WHAT TO PRODUCE: Please quote exactly the lines below from the line containing "Line((-74.049587352, 0), (0, 0))" to the line containing "Line((53.133849001, 49.556160033), (15.64046603, -30.209174327))", both lines included, and nothing else.

*** DATA SHOWN Section Begins ***

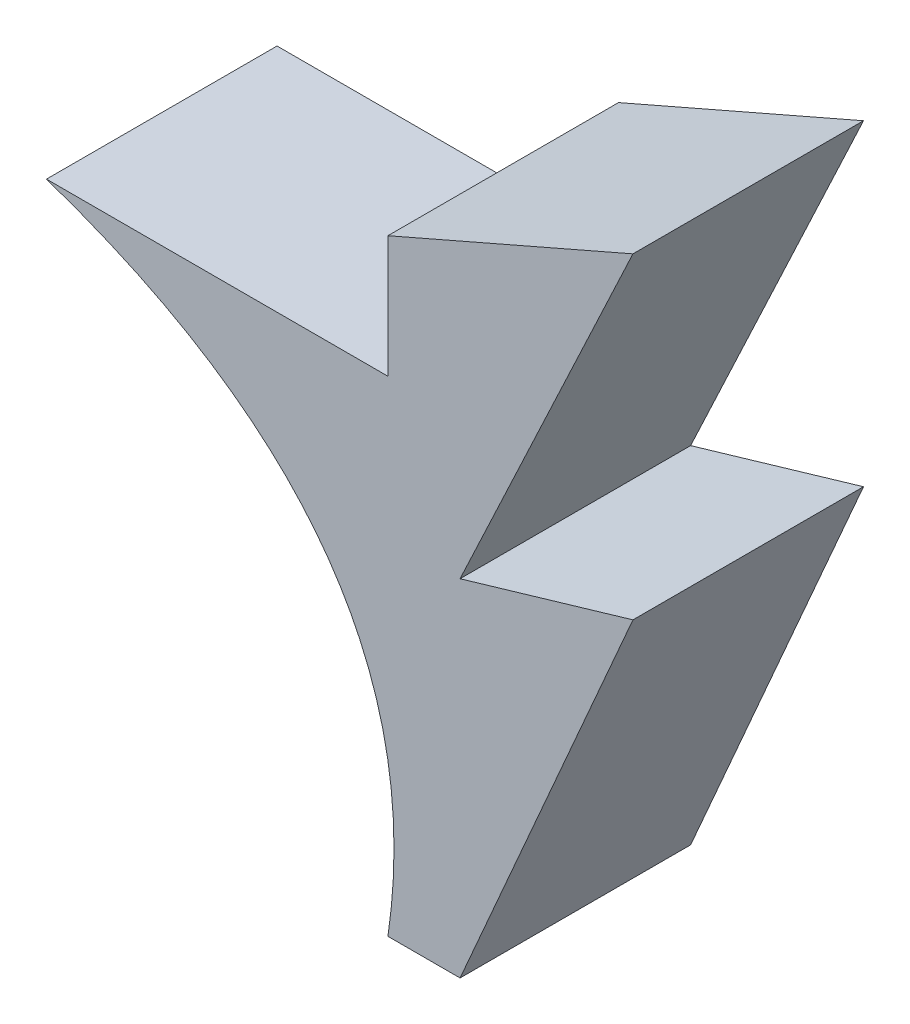
from build123d import *

# Parameters (mm, degrees)
EXTRUDE_1_DEPTH     = 50
SKETCH_2_W          = 10
SKETCH_2_H          = 10
CUT_EXTRUDE_1_DEPTH = 10


with BuildPart() as part:
    # 草圖1 → 填料-伸長1 (new body)
    with BuildSketch(Plane.XY):
        with BuildLine():
            Line((-74.049587352, 0), (0, 0))
            Line((0, 0), (0, 26.398160535))
            Line((0, 26.398160535), (53.133849001, 49.556160033))
            Line((53.133849001, 49.556160033), (15.64046603, -30.209174327))
            Line((15.64046603, -30.209174327), (53.133849001, -19.181708747))
            Line((53.133849001, -19.181708747), (15.64046603, -105.195940269))
            Line((15.64046603, -105.195940269), (0, -105.195940269))
            add(Edge.make_bspline(
                [(-74.049587352, 0), (11.284113354, -28.926204628), (0, -105.195940269)],
                knots=[0, 0, 0, 1, 1, 1], degree=2))
        make_face()
    extrude(amount=EXTRUDE_1_DEPTH)

    # 草圖2 → 除料-伸長1 (cut)
    with BuildSketch(Plane.ZY):
        with Locations((25, 5)):
            Rectangle(SKETCH_2_W, SKETCH_2_H)
    extrude(amount=-CUT_EXTRUDE_1_DEPTH, mode=Mode.SUBTRACT)


solid = part.part

*** DATA SHOWN Section Ends ***

OUTPUT FOR THIS EXERCISE:
            Line((-74.049587352, 0), (0, 0))
            Line((0, 0), (0, 26.398160535))
            Line((0, 26.398160535), (53.133849001, 49.556160033))
            Line((53.133849001, 49.556160033), (15.64046603, -30.209174327))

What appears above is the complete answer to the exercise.